Walmart said it unloaded its entire stake in JD.com, one of China’s biggest e-commerce companies, unwinding one of the largest investments in a Chinese retailer by a foreign rival.
In a securities filing on Tuesday, Walmart said it no longer held any shares of JD.com, but it did not disclose how many shares it sold or how much it raised with the sale. The retailing giant said it had 289 million shares of JD as of Dec. 31, 2023. In its annual report filed in April, JD stated that Walmart was a 9.4 percent shareholder.
“This decision allows us to focus on our strong China operations for Walmart China and Sam’s Club, and deploy capital towards other priorities,” Walmart said in a statement, adding that it would continue to have a “commercial relationship” with JD.
Bloomberg reported earlier that Walmart had raised $3.6 billion from the sale. Shares of JD.com listed in Hong Kong fell nearly 9 percent on Wednesday.
The sale closed the chapter on an investment by Walmart born out of desperation to gain a greater foothold in the Chinese market. In 2016, Walmart sold its Yihaodian website to JD.com, which along with Alibaba dominated China’s online shopping industry, and acquired a 5 percent stake in the company.
The e-commerce partnership between Walmart and JD included collaborating on areas like fulfillment and delivery. When they first came together, Chinese consumers were rapidly shifting to online shopping and Walmart was having a hard time displacing homegrown competitors.
Now, while the broader Chinese economy is laboring under a slowdown in consumer spending, Walmart is doing well in China. Its quarterly sales in the country have grown by more than 10 percent for most of the last two years, driven by strong sales online and the popularity of its Sam’s Club warehouse stores.

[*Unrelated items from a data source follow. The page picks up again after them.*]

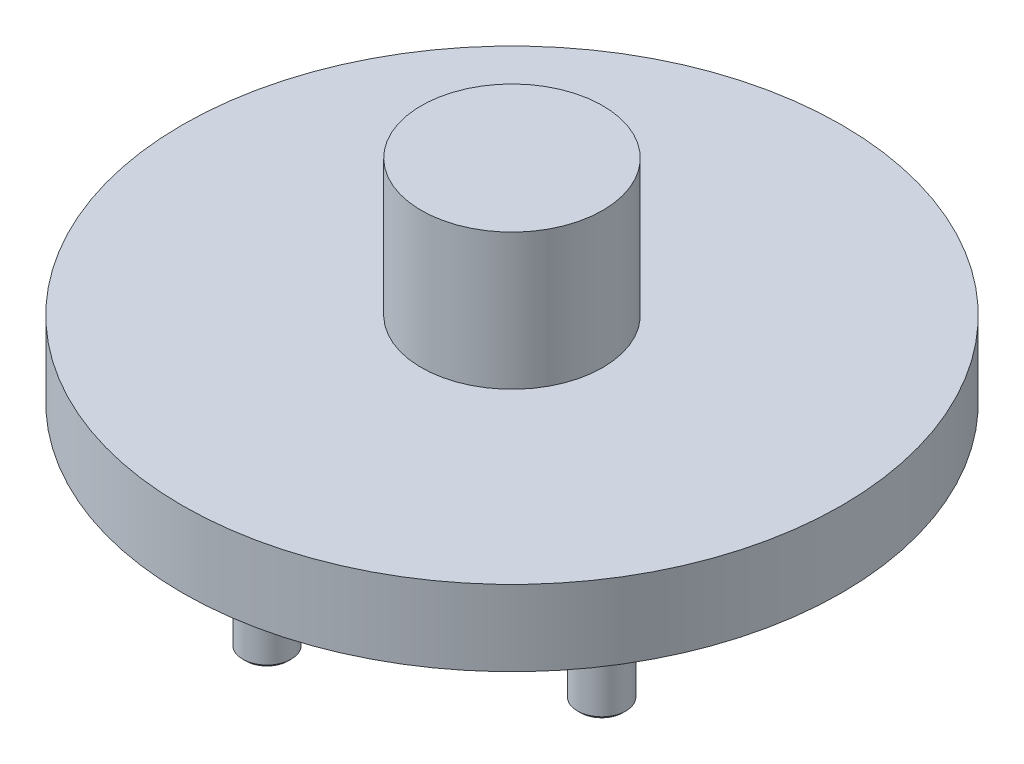
ISO-10303-21;
HEADER;
FILE_DESCRIPTION(('STEP AP214'),'2;1');
FILE_NAME('part.step','',(''),(''),'','','');
FILE_SCHEMA(('AUTOMOTIVE_DESIGN { 1 0 10303 214 1 1 1 1 }'));
ENDSEC;
DATA;
#1=APPLICATION_CONTEXT('core data for automotive mechanical design processes');
#2=APPLICATION_PROTOCOL_DEFINITION('international standard','automotive_design',2000,#1);
#3=PRODUCT_CONTEXT('',#1,'mechanical');
#4=PRODUCT('Part','Part','',(#3));
#5=PRODUCT_RELATED_PRODUCT_CATEGORY('part','',(#4));
#6=PRODUCT_DEFINITION_FORMATION('','',#4);
#7=PRODUCT_DEFINITION_CONTEXT('part definition',#1,'design');
#8=PRODUCT_DEFINITION('design','',#6,#7);
#9=PRODUCT_DEFINITION_SHAPE('','',#8);
#10=(LENGTH_UNIT() NAMED_UNIT(*) SI_UNIT(.MILLI.,.METRE.));
#11=(NAMED_UNIT(*) PLANE_ANGLE_UNIT() SI_UNIT($,.RADIAN.));
#12=(NAMED_UNIT(*) SI_UNIT($,.STERADIAN.) SOLID_ANGLE_UNIT());
#13=UNCERTAINTY_MEASURE_WITH_UNIT(LENGTH_MEASURE(1.E-05),#10,'distance_accuracy_value','');
#14=(GEOMETRIC_REPRESENTATION_CONTEXT(3) GLOBAL_UNCERTAINTY_ASSIGNED_CONTEXT((#13)) GLOBAL_UNIT_ASSIGNED_CONTEXT((#10,
#11,#12)) REPRESENTATION_CONTEXT('',''));
#15=CARTESIAN_POINT('',(0.,0.,0.));
#16=DIRECTION('',(0.,0.,1.));
#17=DIRECTION('',(1.,0.,0.));
#18=AXIS2_PLACEMENT_3D('',#15,#16,#17);
#19=CARTESIAN_POINT('',(0.,0.,0.));
#20=DIRECTION('',(0.,-1.,0.));
#21=DIRECTION('',(1.,0.,0.));
#22=AXIS2_PLACEMENT_3D('',#19,#20,#21);
#23=PLANE('',#22);
#24=CARTESIAN_POINT('',(0.,0.,0.));
#25=DIRECTION('',(0.,-1.,0.));
#26=DIRECTION('',(1.,0.,0.));
#27=AXIS2_PLACEMENT_3D('',#24,#25,#26);
#28=CIRCLE('',#27,53.);
#29=CARTESIAN_POINT('',(53.,0.,0.));
#30=VERTEX_POINT('',#29);
#31=EDGE_CURVE('E50',#30,#30,#28,.T.);
#32=ORIENTED_EDGE('',*,*,#31,.T.);
#33=EDGE_LOOP('',(#32));
#34=FACE_BOUND('',#33,.T.);
#35=ADVANCED_FACE('F38',(#34),#23,.T.);
#36=CARTESIAN_POINT('',(0.,0.,0.));
#37=DIRECTION('',(0.,-1.,0.));
#38=DIRECTION('',(1.,0.,0.));
#39=AXIS2_PLACEMENT_3D('',#36,#37,#38);
#40=CYLINDRICAL_SURFACE('',#39,53.);
#41=CARTESIAN_POINT('',(0.,5.,0.));
#42=DIRECTION('',(0.,-1.,0.));
#43=DIRECTION('',(1.,0.,0.));
#44=AXIS2_PLACEMENT_3D('',#41,#42,#43);
#45=CIRCLE('',#44,53.);
#46=CARTESIAN_POINT('',(53.,5.,0.));
#47=VERTEX_POINT('',#46);
#48=EDGE_CURVE('E54',#47,#47,#45,.T.);
#49=ORIENTED_EDGE('',*,*,#48,.T.);
#50=EDGE_LOOP('',(#49));
#51=FACE_BOUND('',#50,.T.);
#52=ORIENTED_EDGE('',*,*,#31,.F.);
#53=EDGE_LOOP('',(#52));
#54=FACE_BOUND('',#53,.T.);
#55=ADVANCED_FACE('F126',(#51,#54),#40,.T.);
#56=CARTESIAN_POINT('',(53.,5.,0.));
#57=DIRECTION('',(0.,-1.,0.));
#58=DIRECTION('',(1.,0.,0.));
#59=AXIS2_PLACEMENT_3D('',#56,#57,#58);
#60=PLANE('',#59);
#61=CARTESIAN_POINT('',(70.1480577065391,5.,40.5000000000008));
#62=DIRECTION('',(0.,-1.,0.));
#63=DIRECTION('',(0.50000000000001,0.,-0.866025403784433));
#64=AXIS2_PLACEMENT_3D('',#61,#62,#63);
#65=CIRCLE('',#64,8.);
#66=CARTESIAN_POINT('',(74.1480577065391,5.,33.5717967697254));
#67=VERTEX_POINT('',#66);
#68=EDGE_CURVE('E116',#67,#67,#65,.T.);
#69=ORIENTED_EDGE('',*,*,#68,.F.);
#70=EDGE_LOOP('',(#69));
#71=FACE_BOUND('',#70,.T.);
#72=CARTESIAN_POINT('',(70.1480577065399,5.,-40.4999999999993));
#73=DIRECTION('',(0.,-1.,0.));
#74=DIRECTION('',(-0.499999999999992,0.,-0.866025403784443));
#75=AXIS2_PLACEMENT_3D('',#72,#73,#74);
#76=CIRCLE('',#75,8.);
#77=CARTESIAN_POINT('',(66.14805770654,5.,-47.4282032302749));
#78=VERTEX_POINT('',#77);
#79=EDGE_CURVE('E107',#78,#78,#76,.T.);
#80=ORIENTED_EDGE('',*,*,#79,.F.);
#81=EDGE_LOOP('',(#80));
#82=FACE_BOUND('',#81,.T.);
#83=CARTESIAN_POINT('',(0.,5.,-81.));
#84=DIRECTION('',(0.,-1.,0.));
#85=DIRECTION('',(-1.,0.,0.));
#86=AXIS2_PLACEMENT_3D('',#83,#84,#85);
#87=CIRCLE('',#86,8.);
#88=CARTESIAN_POINT('',(-8.,5.,-81.));
#89=VERTEX_POINT('',#88);
#90=EDGE_CURVE('E98',#89,#89,#87,.T.);
#91=ORIENTED_EDGE('',*,*,#90,.F.);
#92=EDGE_LOOP('',(#91));
#93=FACE_BOUND('',#92,.T.);
#94=CARTESIAN_POINT('',(-70.1480577065393,5.,-40.5000000000003));
#95=DIRECTION('',(0.,-1.,0.));
#96=DIRECTION('',(-0.500000000000004,0.,0.866025403784436));
#97=AXIS2_PLACEMENT_3D('',#94,#95,#96);
#98=CIRCLE('',#97,8.);
#99=CARTESIAN_POINT('',(-74.1480577065394,5.,-33.5717967697248));
#100=VERTEX_POINT('',#99);
#101=EDGE_CURVE('E89',#100,#100,#98,.T.);
#102=ORIENTED_EDGE('',*,*,#101,.F.);
#103=EDGE_LOOP('',(#102));
#104=FACE_BOUND('',#103,.T.);
#105=CARTESIAN_POINT('',(-70.1480577065396,5.,40.4999999999998));
#106=DIRECTION('',(0.,-1.,0.));
#107=DIRECTION('',(0.499999999999998,0.,0.86602540378444));
#108=AXIS2_PLACEMENT_3D('',#105,#106,#107);
#109=CIRCLE('',#108,8.);
#110=CARTESIAN_POINT('',(-66.1480577065396,5.,47.4282032302754));
#111=VERTEX_POINT('',#110);
#112=EDGE_CURVE('E80',#111,#111,#109,.T.);
#113=ORIENTED_EDGE('',*,*,#112,.F.);
#114=EDGE_LOOP('',(#113));
#115=FACE_BOUND('',#114,.T.);
#116=CARTESIAN_POINT('',(0.,5.,81.));
#117=DIRECTION('',(0.,-1.,0.));
#118=DIRECTION('',(1.,0.,0.));
#119=AXIS2_PLACEMENT_3D('',#116,#117,#118);
#120=CIRCLE('',#119,8.);
#121=CARTESIAN_POINT('',(8.,5.,81.));
#122=VERTEX_POINT('',#121);
#123=EDGE_CURVE('E71',#122,#122,#120,.T.);
#124=ORIENTED_EDGE('',*,*,#123,.F.);
#125=EDGE_LOOP('',(#124));
#126=FACE_BOUND('',#125,.T.);
#127=CARTESIAN_POINT('',(0.,5.,0.));
#128=DIRECTION('',(0.,-1.,0.));
#129=DIRECTION('',(1.,0.,0.));
#130=AXIS2_PLACEMENT_3D('',#127,#128,#129);
#131=CIRCLE('',#130,109.);
#132=CARTESIAN_POINT('',(109.,5.,0.));
#133=VERTEX_POINT('',#132);
#134=EDGE_CURVE('E59',#133,#133,#131,.T.);
#135=ORIENTED_EDGE('',*,*,#134,.T.);
#136=EDGE_LOOP('',(#135));
#137=FACE_BOUND('',#136,.T.);
#138=ORIENTED_EDGE('',*,*,#48,.F.);
#139=EDGE_LOOP('',(#138));
#140=FACE_BOUND('',#139,.T.);
#141=ADVANCED_FACE('F122',(#71,#82,#93,#104,#115,#126,#137,#140),#60,.T.);
#142=CARTESIAN_POINT('',(0.,0.,0.));
#143=DIRECTION('',(0.,-1.,0.));
#144=DIRECTION('',(1.,0.,0.));
#145=AXIS2_PLACEMENT_3D('',#142,#143,#144);
#146=CYLINDRICAL_SURFACE('',#145,109.);
#147=CARTESIAN_POINT('',(0.,30.,0.));
#148=DIRECTION('',(0.,-1.,0.));
#149=DIRECTION('',(1.,0.,0.));
#150=AXIS2_PLACEMENT_3D('',#147,#148,#149);
#151=CIRCLE('',#150,109.);
#152=CARTESIAN_POINT('',(109.,30.,0.));
#153=VERTEX_POINT('',#152);
#154=EDGE_CURVE('E62',#153,#153,#151,.T.);
#155=ORIENTED_EDGE('',*,*,#154,.T.);
#156=EDGE_LOOP('',(#155));
#157=FACE_BOUND('',#156,.T.);
#158=ORIENTED_EDGE('',*,*,#134,.F.);
#159=EDGE_LOOP('',(#158));
#160=FACE_BOUND('',#159,.T.);
#161=ADVANCED_FACE('F125',(#157,#160),#146,.T.);
#162=CARTESIAN_POINT('',(109.,30.,0.));
#163=DIRECTION('',(0.,1.,0.));
#164=DIRECTION('',(-1.,0.,0.));
#165=AXIS2_PLACEMENT_3D('',#162,#163,#164);
#166=PLANE('',#165);
#167=CARTESIAN_POINT('',(0.,30.,0.));
#168=DIRECTION('',(0.,-1.,0.));
#169=DIRECTION('',(1.,0.,0.));
#170=AXIS2_PLACEMENT_3D('',#167,#168,#169);
#171=CIRCLE('',#170,30.);
#172=CARTESIAN_POINT('',(30.,30.,0.));
#173=VERTEX_POINT('',#172);
#174=EDGE_CURVE('E65',#173,#173,#171,.T.);
#175=ORIENTED_EDGE('',*,*,#174,.T.);
#176=EDGE_LOOP('',(#175));
#177=FACE_BOUND('',#176,.T.);
#178=ORIENTED_EDGE('',*,*,#154,.F.);
#179=EDGE_LOOP('',(#178));
#180=FACE_BOUND('',#179,.T.);
#181=ADVANCED_FACE('F153',(#177,#180),#166,.T.);
#182=CARTESIAN_POINT('',(0.,0.,0.));
#183=DIRECTION('',(0.,-1.,0.));
#184=DIRECTION('',(1.,0.,0.));
#185=AXIS2_PLACEMENT_3D('',#182,#183,#184);
#186=CYLINDRICAL_SURFACE('',#185,30.);
#187=CARTESIAN_POINT('',(0.,75.,0.));
#188=DIRECTION('',(0.,-1.,0.));
#189=DIRECTION('',(1.,0.,0.));
#190=AXIS2_PLACEMENT_3D('',#187,#188,#189);
#191=CIRCLE('',#190,30.);
#192=CARTESIAN_POINT('',(30.,75.,0.));
#193=VERTEX_POINT('',#192);
#194=EDGE_CURVE('E68',#193,#193,#191,.T.);
#195=ORIENTED_EDGE('',*,*,#194,.T.);
#196=EDGE_LOOP('',(#195));
#197=FACE_BOUND('',#196,.T.);
#198=ORIENTED_EDGE('',*,*,#174,.F.);
#199=EDGE_LOOP('',(#198));
#200=FACE_BOUND('',#199,.T.);
#201=ADVANCED_FACE('F157',(#197,#200),#186,.T.);
#202=CARTESIAN_POINT('',(30.,75.,0.));
#203=DIRECTION('',(0.,1.,0.));
#204=DIRECTION('',(-1.,0.,0.));
#205=AXIS2_PLACEMENT_3D('',#202,#203,#204);
#206=PLANE('',#205);
#207=ORIENTED_EDGE('',*,*,#194,.F.);
#208=EDGE_LOOP('',(#207));
#209=FACE_BOUND('',#208,.T.);
#210=ADVANCED_FACE('F161',(#209),#206,.T.);
#211=CARTESIAN_POINT('',(0.,-25.,81.));
#212=DIRECTION('',(0.,1.,0.));
#213=DIRECTION('',(-1.,0.,0.));
#214=AXIS2_PLACEMENT_3D('',#211,#212,#213);
#215=CYLINDRICAL_SURFACE('',#214,8.);
#216=CARTESIAN_POINT('',(0.,-24.,81.));
#217=DIRECTION('',(0.,-1.,0.));
#218=DIRECTION('',(1.,0.,0.));
#219=AXIS2_PLACEMENT_3D('',#216,#217,#218);
#220=CIRCLE('',#219,8.);
#221=CARTESIAN_POINT('',(8.,-24.,81.));
#222=VERTEX_POINT('',#221);
#223=EDGE_CURVE('E10',#222,#222,#220,.F.);
#224=ORIENTED_EDGE('',*,*,#223,.T.);
#225=EDGE_LOOP('',(#224));
#226=FACE_BOUND('',#225,.T.);
#227=ORIENTED_EDGE('',*,*,#123,.T.);
#228=EDGE_LOOP('',(#227));
#229=FACE_BOUND('',#228,.T.);
#230=ADVANCED_FACE('F165',(#226,#229),#215,.T.);
#231=CARTESIAN_POINT('',(0.,-25.,81.));
#232=DIRECTION('',(0.,-1.,0.));
#233=DIRECTION('',(1.,0.,0.));
#234=AXIS2_PLACEMENT_3D('',#231,#232,#233);
#235=PLANE('',#234);
#236=CARTESIAN_POINT('',(0.,-25.,81.));
#237=DIRECTION('',(0.,-1.,0.));
#238=DIRECTION('',(1.,0.,0.));
#239=AXIS2_PLACEMENT_3D('',#236,#237,#238);
#240=CIRCLE('',#239,7.00000000000003);
#241=CARTESIAN_POINT('',(7.00000000000003,-25.,81.));
#242=VERTEX_POINT('',#241);
#243=EDGE_CURVE('E46',#242,#242,#240,.T.);
#244=ORIENTED_EDGE('',*,*,#243,.T.);
#245=EDGE_LOOP('',(#244));
#246=FACE_BOUND('',#245,.T.);
#247=ADVANCED_FACE('F169',(#246),#235,.T.);
#248=CARTESIAN_POINT('',(0.,-25.,81.));
#249=DIRECTION('',(0.,1.,0.));
#250=DIRECTION('',(-1.,0.,0.));
#251=AXIS2_PLACEMENT_3D('',#248,#249,#250);
#252=CONICAL_SURFACE('',#251,7.00000000000003,0.785398163397448);
#253=ORIENTED_EDGE('',*,*,#223,.F.);
#254=EDGE_LOOP('',(#253));
#255=FACE_BOUND('',#254,.T.);
#256=ORIENTED_EDGE('',*,*,#243,.F.);
#257=EDGE_LOOP('',(#256));
#258=FACE_BOUND('',#257,.T.);
#259=ADVANCED_FACE('F41',(#255,#258),#252,.T.);
#260=CARTESIAN_POINT('',(-70.1480577065396,-25.,40.4999999999998));
#261=DIRECTION('',(0.,1.,0.));
#262=DIRECTION('',(-0.499999999999998,0.,-0.86602540378444));
#263=AXIS2_PLACEMENT_3D('',#260,#261,#262);
#264=CYLINDRICAL_SURFACE('',#263,8.);
#265=CARTESIAN_POINT('',(-70.1480577065396,-24.,40.4999999999998));
#266=DIRECTION('',(0.,-1.,0.));
#267=DIRECTION('',(0.499999999999998,0.,0.86602540378444));
#268=AXIS2_PLACEMENT_3D('',#265,#266,#267);
#269=CIRCLE('',#268,8.);
#270=CARTESIAN_POINT('',(-66.1480577065396,-24.,47.4282032302754));
#271=VERTEX_POINT('',#270);
#272=EDGE_CURVE('E77',#271,#271,#269,.F.);
#273=ORIENTED_EDGE('',*,*,#272,.T.);
#274=EDGE_LOOP('',(#273));
#275=FACE_BOUND('',#274,.T.);
#276=ORIENTED_EDGE('',*,*,#112,.T.);
#277=EDGE_LOOP('',(#276));
#278=FACE_BOUND('',#277,.T.);
#279=ADVANCED_FACE('F172',(#275,#278),#264,.T.);
#280=CARTESIAN_POINT('',(-70.1480577065396,-25.,40.4999999999998));
#281=DIRECTION('',(0.,-1.,0.));
#282=DIRECTION('',(0.499999999999998,0.,0.86602540378444));
#283=AXIS2_PLACEMENT_3D('',#280,#281,#282);
#284=PLANE('',#283);
#285=CARTESIAN_POINT('',(-70.1480577065396,-25.,40.4999999999998));
#286=DIRECTION('',(0.,-1.,0.));
#287=DIRECTION('',(0.499999999999998,0.,0.86602540378444));
#288=AXIS2_PLACEMENT_3D('',#285,#286,#287);
#289=CIRCLE('',#288,7.00000000000003);
#290=CARTESIAN_POINT('',(-66.6480577065396,-25.,46.5621778264909));
#291=VERTEX_POINT('',#290);
#292=EDGE_CURVE('E74',#291,#291,#289,.T.);
#293=ORIENTED_EDGE('',*,*,#292,.T.);
#294=EDGE_LOOP('',(#293));
#295=FACE_BOUND('',#294,.T.);
#296=ADVANCED_FACE('F175',(#295),#284,.T.);
#297=CARTESIAN_POINT('',(-70.1480577065396,-25.,40.4999999999998));
#298=DIRECTION('',(0.,1.,0.));
#299=DIRECTION('',(-0.499999999999998,0.,-0.86602540378444));
#300=AXIS2_PLACEMENT_3D('',#297,#298,#299);
#301=CONICAL_SURFACE('',#300,7.00000000000003,0.785398163397448);
#302=ORIENTED_EDGE('',*,*,#272,.F.);
#303=EDGE_LOOP('',(#302));
#304=FACE_BOUND('',#303,.T.);
#305=ORIENTED_EDGE('',*,*,#292,.F.);
#306=EDGE_LOOP('',(#305));
#307=FACE_BOUND('',#306,.T.);
#308=ADVANCED_FACE('F179',(#304,#307),#301,.T.);
#309=CARTESIAN_POINT('',(-70.1480577065393,-25.,-40.5000000000003));
#310=DIRECTION('',(0.,1.,0.));
#311=DIRECTION('',(0.500000000000004,0.,-0.866025403784436));
#312=AXIS2_PLACEMENT_3D('',#309,#310,#311);
#313=CYLINDRICAL_SURFACE('',#312,8.);
#314=CARTESIAN_POINT('',(-70.1480577065393,-24.,-40.5000000000003));
#315=DIRECTION('',(0.,-1.,0.));
#316=DIRECTION('',(-0.500000000000004,0.,0.866025403784436));
#317=AXIS2_PLACEMENT_3D('',#314,#315,#316);
#318=CIRCLE('',#317,8.);
#319=CARTESIAN_POINT('',(-74.1480577065394,-24.,-33.5717967697248));
#320=VERTEX_POINT('',#319);
#321=EDGE_CURVE('E86',#320,#320,#318,.F.);
#322=ORIENTED_EDGE('',*,*,#321,.T.);
#323=EDGE_LOOP('',(#322));
#324=FACE_BOUND('',#323,.T.);
#325=ORIENTED_EDGE('',*,*,#101,.T.);
#326=EDGE_LOOP('',(#325));
#327=FACE_BOUND('',#326,.T.);
#328=ADVANCED_FACE('F187',(#324,#327),#313,.T.);
#329=CARTESIAN_POINT('',(-70.1480577065393,-25.,-40.5000000000003));
#330=DIRECTION('',(0.,-1.,0.));
#331=DIRECTION('',(-0.500000000000004,0.,0.866025403784436));
#332=AXIS2_PLACEMENT_3D('',#329,#330,#331);
#333=PLANE('',#332);
#334=CARTESIAN_POINT('',(-70.1480577065393,-25.,-40.5000000000003));
#335=DIRECTION('',(0.,-1.,0.));
#336=DIRECTION('',(-0.500000000000004,0.,0.866025403784436));
#337=AXIS2_PLACEMENT_3D('',#334,#335,#336);
#338=CIRCLE('',#337,7.00000000000003);
#339=CARTESIAN_POINT('',(-73.6480577065394,-25.,-34.4378221735092));
#340=VERTEX_POINT('',#339);
#341=EDGE_CURVE('E83',#340,#340,#338,.T.);
#342=ORIENTED_EDGE('',*,*,#341,.T.);
#343=EDGE_LOOP('',(#342));
#344=FACE_BOUND('',#343,.T.);
#345=ADVANCED_FACE('F191',(#344),#333,.T.);
#346=CARTESIAN_POINT('',(-70.1480577065393,-25.,-40.5000000000003));
#347=DIRECTION('',(0.,1.,0.));
#348=DIRECTION('',(0.500000000000004,0.,-0.866025403784436));
#349=AXIS2_PLACEMENT_3D('',#346,#347,#348);
#350=CONICAL_SURFACE('',#349,7.00000000000003,0.785398163397448);
#351=ORIENTED_EDGE('',*,*,#321,.F.);
#352=EDGE_LOOP('',(#351));
#353=FACE_BOUND('',#352,.T.);
#354=ORIENTED_EDGE('',*,*,#341,.F.);
#355=EDGE_LOOP('',(#354));
#356=FACE_BOUND('',#355,.T.);
#357=ADVANCED_FACE('F195',(#353,#356),#350,.T.);
#358=CARTESIAN_POINT('',(0.,-25.,-81.));
#359=DIRECTION('',(0.,1.,0.));
#360=DIRECTION('',(1.,0.,0.));
#361=AXIS2_PLACEMENT_3D('',#358,#359,#360);
#362=CYLINDRICAL_SURFACE('',#361,8.);
#363=CARTESIAN_POINT('',(0.,-24.,-81.));
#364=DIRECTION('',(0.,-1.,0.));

Walmart said on Thursday that sales at stores in the United States rose just over 4 percent, to $115.3 billion, as consumers stung by high inflation over two years are drawn to the retailer’s lower prices. Its U.S. e-commerce business jumped 22 percent.
At the same time, JD has struggled to maintain its market share and faces growing competition from the discount shopping app Pinduoduo and the move into e-commerce by social media platforms such as Xiaohongshu, the country’s version of Instagram, and Douyin, the app owned by ByteDance, which runs TikTok outside of China.
Last week, JD announced that revenue grew a modest 1 percent in the second quarter compared with a year earlier. The company said its profit nearly doubled, attributing the gains to an “increase in government subsidies and a decrease in investment related losses.”
JD said on Wednesday that it repurchased $390 million worth of its own shares, a move would help bolster its stock price.
A JD spokeswoman said the company was “full of confidence in the future cooperation between the two sides” but declined to elaborate.
As part of Walmart’s investment in JD in 2016, the retailer had the right to have one of its senior executives attend all of JD’s board meetings as a nonvoting observer, according to JD’s annual report.